Print the lines that start the entries and continue through the one holding "for name, color, linetype", please, exactly and with the pictures omitted.

Data for processing =>
• • •
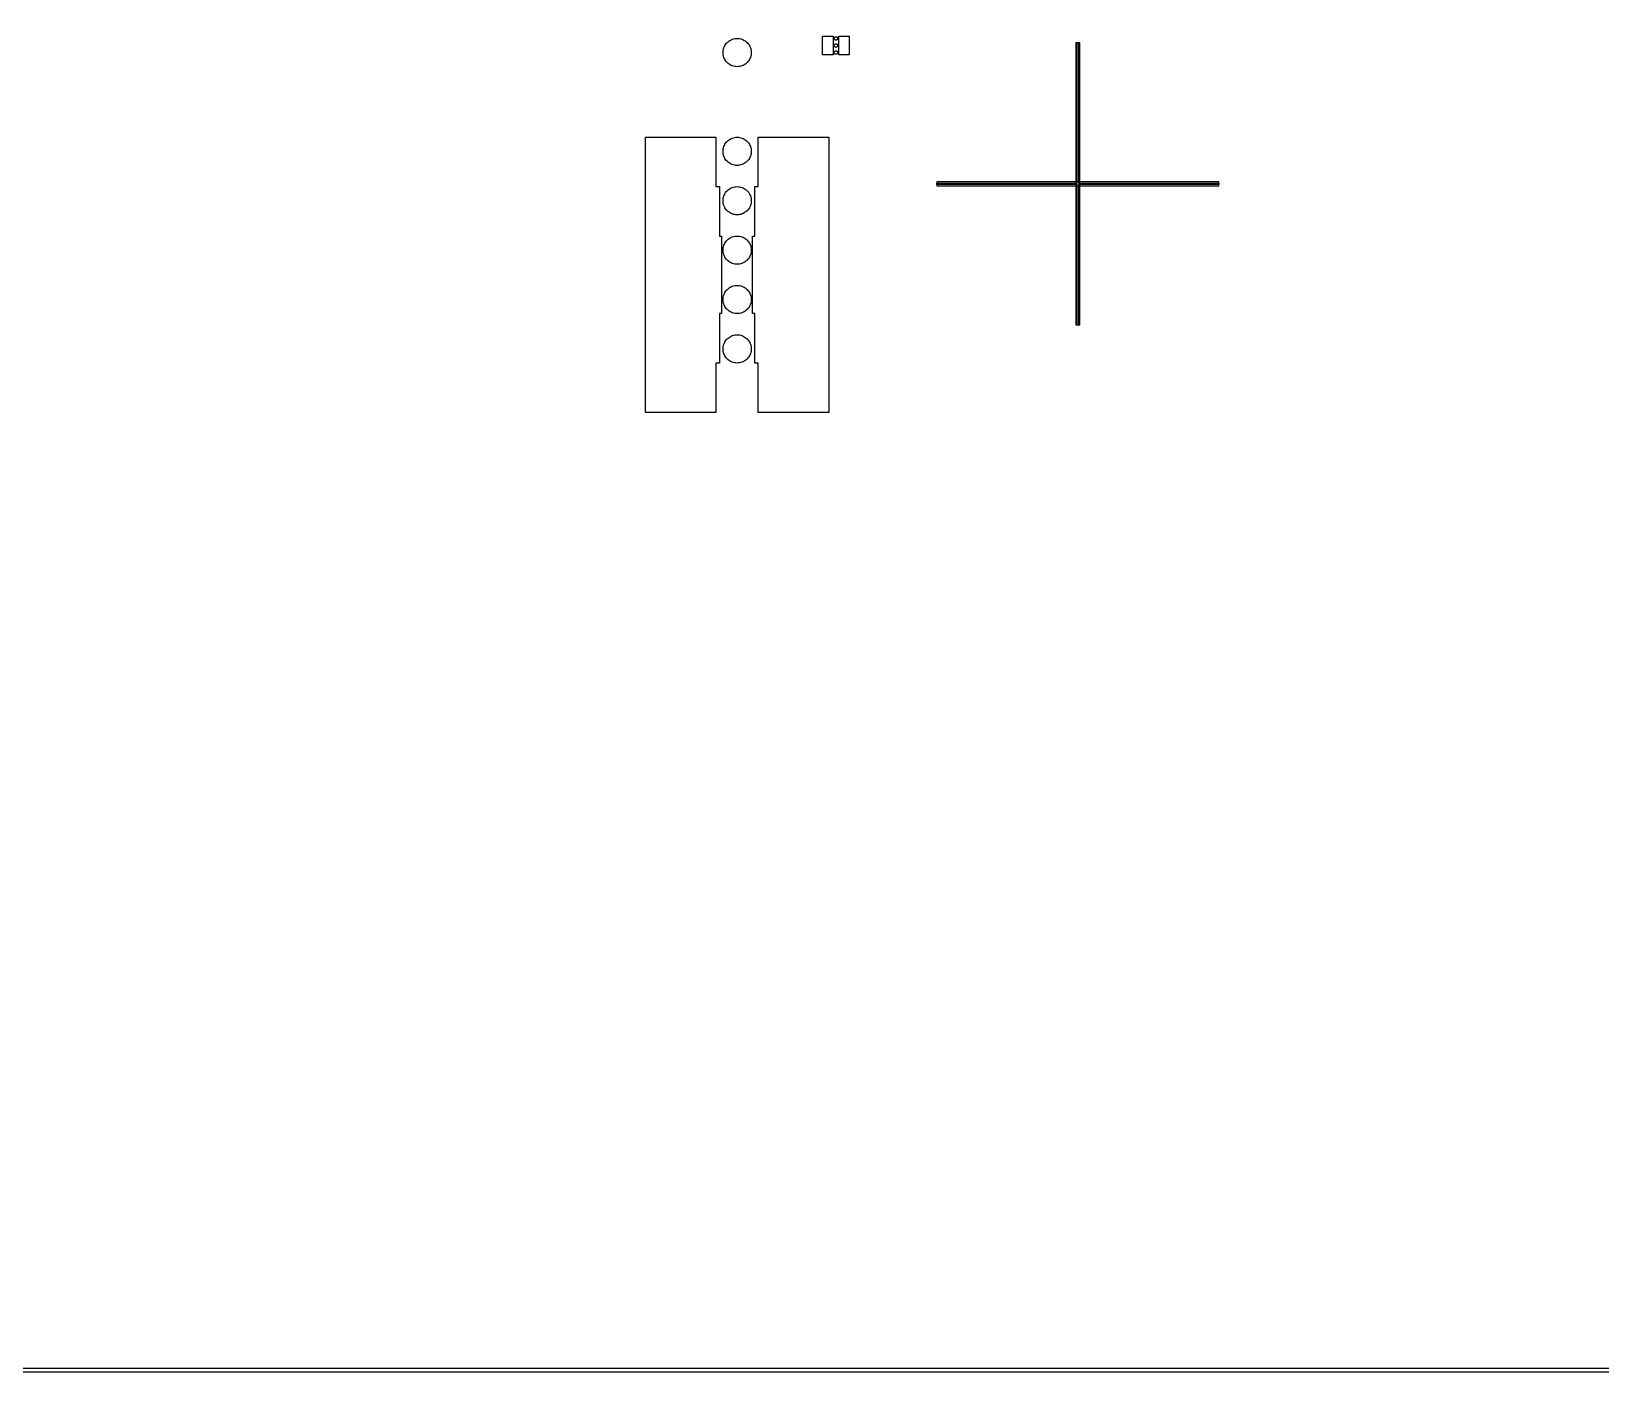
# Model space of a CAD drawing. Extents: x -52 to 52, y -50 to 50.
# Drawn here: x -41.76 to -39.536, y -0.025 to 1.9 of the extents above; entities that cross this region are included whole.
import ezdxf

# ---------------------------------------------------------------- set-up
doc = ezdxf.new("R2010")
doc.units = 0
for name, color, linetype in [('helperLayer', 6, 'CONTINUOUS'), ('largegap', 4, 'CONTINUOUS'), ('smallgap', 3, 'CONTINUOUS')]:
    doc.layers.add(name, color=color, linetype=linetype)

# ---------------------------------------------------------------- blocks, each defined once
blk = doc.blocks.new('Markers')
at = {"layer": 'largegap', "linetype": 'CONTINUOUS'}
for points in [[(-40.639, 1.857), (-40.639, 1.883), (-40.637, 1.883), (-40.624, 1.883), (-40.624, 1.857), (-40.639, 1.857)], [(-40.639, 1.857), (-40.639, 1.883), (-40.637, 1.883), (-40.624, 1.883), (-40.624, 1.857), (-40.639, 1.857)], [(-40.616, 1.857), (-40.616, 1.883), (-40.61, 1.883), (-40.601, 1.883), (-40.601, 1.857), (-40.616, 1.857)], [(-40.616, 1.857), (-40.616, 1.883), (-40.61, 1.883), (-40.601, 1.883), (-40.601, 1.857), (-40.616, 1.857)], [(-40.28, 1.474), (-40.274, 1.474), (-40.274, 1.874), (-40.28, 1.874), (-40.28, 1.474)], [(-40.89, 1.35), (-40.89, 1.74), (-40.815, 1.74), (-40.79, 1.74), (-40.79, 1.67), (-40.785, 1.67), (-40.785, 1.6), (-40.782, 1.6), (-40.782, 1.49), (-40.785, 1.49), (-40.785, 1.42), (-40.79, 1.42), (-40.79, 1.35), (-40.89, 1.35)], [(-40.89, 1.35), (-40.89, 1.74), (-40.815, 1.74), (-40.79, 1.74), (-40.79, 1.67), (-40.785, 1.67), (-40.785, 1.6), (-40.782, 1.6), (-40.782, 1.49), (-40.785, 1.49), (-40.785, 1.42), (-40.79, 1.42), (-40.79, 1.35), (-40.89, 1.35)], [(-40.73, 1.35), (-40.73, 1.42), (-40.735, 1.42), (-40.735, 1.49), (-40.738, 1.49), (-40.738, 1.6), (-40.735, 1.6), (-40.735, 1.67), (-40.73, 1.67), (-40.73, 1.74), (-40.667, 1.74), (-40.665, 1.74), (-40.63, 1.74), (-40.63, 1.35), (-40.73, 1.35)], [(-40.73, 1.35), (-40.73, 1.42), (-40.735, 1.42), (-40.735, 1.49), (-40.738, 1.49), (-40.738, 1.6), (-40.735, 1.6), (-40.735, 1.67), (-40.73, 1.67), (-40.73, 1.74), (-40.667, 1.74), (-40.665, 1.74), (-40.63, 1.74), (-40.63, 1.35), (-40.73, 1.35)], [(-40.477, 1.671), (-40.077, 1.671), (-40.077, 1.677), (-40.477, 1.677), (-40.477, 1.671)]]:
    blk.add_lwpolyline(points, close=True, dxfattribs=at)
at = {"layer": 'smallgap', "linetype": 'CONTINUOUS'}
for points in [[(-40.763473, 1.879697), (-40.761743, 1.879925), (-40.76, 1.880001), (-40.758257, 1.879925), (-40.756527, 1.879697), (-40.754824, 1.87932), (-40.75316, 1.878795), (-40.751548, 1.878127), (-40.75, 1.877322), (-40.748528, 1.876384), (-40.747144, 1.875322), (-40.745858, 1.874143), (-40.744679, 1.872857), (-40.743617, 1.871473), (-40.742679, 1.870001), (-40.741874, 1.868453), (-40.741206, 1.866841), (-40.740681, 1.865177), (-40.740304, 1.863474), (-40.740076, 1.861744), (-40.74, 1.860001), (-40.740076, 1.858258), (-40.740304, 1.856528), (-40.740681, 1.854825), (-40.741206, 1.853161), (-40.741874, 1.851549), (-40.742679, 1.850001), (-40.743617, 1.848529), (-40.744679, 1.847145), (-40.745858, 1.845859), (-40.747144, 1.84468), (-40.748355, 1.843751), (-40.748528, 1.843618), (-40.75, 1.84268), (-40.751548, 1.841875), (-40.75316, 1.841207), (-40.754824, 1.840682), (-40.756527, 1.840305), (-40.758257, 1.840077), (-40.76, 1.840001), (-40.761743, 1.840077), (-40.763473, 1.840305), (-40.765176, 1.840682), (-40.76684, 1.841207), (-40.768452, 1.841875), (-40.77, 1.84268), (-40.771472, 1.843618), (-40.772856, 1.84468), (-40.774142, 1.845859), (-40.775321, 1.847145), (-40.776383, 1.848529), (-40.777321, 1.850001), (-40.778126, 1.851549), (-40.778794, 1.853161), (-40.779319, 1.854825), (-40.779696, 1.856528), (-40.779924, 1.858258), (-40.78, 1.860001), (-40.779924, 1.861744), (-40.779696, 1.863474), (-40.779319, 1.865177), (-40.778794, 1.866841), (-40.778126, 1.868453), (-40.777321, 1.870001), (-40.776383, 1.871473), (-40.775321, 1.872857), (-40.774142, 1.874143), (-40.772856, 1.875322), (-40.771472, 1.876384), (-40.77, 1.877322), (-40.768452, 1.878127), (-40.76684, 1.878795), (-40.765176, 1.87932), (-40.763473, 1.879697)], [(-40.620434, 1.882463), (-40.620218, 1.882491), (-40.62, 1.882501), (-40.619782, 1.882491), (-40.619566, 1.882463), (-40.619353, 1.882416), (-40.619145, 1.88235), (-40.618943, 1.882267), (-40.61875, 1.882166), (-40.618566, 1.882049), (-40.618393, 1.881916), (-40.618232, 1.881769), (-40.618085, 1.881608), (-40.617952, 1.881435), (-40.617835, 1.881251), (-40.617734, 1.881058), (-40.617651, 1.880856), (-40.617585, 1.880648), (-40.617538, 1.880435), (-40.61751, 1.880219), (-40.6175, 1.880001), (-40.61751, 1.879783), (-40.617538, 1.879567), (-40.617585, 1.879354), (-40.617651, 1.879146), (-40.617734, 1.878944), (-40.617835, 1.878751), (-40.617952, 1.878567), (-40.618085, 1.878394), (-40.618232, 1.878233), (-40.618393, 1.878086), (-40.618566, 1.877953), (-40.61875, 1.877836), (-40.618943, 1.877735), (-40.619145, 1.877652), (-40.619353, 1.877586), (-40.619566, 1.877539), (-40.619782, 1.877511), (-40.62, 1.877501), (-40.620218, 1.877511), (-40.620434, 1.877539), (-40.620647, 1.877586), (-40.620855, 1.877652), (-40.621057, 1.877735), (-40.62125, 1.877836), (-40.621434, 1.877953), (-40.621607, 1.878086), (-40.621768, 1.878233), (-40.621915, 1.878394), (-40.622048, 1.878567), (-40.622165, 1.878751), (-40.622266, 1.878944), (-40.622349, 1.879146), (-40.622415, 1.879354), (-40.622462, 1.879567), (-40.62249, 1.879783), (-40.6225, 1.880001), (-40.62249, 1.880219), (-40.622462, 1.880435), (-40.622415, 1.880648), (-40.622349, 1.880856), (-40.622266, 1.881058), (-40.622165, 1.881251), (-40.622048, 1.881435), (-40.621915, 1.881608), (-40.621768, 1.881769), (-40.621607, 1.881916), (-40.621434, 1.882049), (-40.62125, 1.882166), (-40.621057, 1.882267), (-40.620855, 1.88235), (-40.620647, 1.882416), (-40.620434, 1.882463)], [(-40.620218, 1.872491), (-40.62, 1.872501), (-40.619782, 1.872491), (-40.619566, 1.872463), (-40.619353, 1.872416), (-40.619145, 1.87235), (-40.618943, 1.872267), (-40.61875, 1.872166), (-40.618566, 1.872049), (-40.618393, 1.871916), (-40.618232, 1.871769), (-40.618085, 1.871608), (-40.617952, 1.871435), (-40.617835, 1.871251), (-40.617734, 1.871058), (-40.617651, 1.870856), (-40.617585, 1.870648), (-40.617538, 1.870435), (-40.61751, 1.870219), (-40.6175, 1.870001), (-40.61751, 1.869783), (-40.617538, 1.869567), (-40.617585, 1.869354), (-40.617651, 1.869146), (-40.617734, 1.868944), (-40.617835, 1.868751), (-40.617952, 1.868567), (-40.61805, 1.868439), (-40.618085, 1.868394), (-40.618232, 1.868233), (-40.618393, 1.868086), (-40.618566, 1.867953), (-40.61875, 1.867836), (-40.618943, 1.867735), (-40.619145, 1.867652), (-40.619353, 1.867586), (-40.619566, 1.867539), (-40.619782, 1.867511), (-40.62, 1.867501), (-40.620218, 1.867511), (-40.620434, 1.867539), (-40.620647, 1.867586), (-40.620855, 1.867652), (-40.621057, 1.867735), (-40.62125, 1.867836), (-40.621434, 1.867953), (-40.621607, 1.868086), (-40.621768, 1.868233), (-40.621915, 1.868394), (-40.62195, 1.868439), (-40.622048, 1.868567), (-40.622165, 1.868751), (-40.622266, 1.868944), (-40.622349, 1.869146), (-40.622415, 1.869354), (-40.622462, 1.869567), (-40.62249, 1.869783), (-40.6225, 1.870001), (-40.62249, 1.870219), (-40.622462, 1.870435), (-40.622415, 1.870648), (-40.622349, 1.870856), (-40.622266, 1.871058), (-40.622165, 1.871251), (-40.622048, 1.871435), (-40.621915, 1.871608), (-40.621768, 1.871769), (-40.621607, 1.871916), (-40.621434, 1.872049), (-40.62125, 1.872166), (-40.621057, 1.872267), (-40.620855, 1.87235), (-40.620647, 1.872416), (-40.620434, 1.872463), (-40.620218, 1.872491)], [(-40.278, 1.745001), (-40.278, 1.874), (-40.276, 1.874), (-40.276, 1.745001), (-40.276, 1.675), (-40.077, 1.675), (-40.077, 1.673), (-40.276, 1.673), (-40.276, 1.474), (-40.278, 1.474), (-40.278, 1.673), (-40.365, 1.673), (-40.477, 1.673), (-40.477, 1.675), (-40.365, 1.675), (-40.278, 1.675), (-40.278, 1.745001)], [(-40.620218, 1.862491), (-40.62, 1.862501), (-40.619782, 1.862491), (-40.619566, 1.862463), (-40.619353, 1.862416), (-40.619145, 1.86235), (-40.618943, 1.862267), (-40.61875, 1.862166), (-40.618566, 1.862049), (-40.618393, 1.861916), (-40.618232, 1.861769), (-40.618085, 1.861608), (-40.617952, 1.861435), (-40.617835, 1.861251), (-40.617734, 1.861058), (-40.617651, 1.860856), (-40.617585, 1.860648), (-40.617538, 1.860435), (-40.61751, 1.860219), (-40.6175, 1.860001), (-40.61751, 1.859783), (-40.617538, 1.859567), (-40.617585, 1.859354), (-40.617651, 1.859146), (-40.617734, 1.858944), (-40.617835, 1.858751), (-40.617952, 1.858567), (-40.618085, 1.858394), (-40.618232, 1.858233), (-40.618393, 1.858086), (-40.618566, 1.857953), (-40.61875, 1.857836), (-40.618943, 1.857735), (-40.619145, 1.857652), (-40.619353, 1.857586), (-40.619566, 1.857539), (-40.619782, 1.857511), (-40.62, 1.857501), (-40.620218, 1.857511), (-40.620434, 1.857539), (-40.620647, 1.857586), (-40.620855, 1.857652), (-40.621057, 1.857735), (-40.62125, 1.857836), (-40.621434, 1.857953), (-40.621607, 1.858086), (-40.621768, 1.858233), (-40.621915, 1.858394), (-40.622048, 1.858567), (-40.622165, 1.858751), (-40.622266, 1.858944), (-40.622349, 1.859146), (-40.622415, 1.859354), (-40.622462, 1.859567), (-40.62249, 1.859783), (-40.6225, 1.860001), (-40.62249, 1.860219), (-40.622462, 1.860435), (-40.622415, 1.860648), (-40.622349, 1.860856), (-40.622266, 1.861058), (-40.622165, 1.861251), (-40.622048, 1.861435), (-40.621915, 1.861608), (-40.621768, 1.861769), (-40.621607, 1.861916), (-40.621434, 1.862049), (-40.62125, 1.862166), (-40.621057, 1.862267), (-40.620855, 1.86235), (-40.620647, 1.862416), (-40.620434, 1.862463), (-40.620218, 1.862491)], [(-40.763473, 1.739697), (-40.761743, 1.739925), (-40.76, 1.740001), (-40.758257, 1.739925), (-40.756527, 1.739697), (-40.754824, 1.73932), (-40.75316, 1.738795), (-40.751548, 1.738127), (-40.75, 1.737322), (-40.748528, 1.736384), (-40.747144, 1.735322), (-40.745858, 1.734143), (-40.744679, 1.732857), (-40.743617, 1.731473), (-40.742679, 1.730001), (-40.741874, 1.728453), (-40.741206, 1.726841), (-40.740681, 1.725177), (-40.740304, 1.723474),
• • •
Output for this exercise =>
# Model space of a CAD drawing. Extents: x -52 to 52, y -50 to 50.
# Drawn here: x -41.76 to -39.536, y -0.025 to 1.9 of the extents above; entities that cross this region are included whole.
import ezdxf

# ---------------------------------------------------------------- set-up
doc = ezdxf.new("R2010")
doc.units = 0
for name, color, linetype in [('helperLayer', 6, 'CONTINUOUS'), ('largegap', 4, 'CONTINUOUS'), ('smallgap', 3, 'CONTINUOUS')]:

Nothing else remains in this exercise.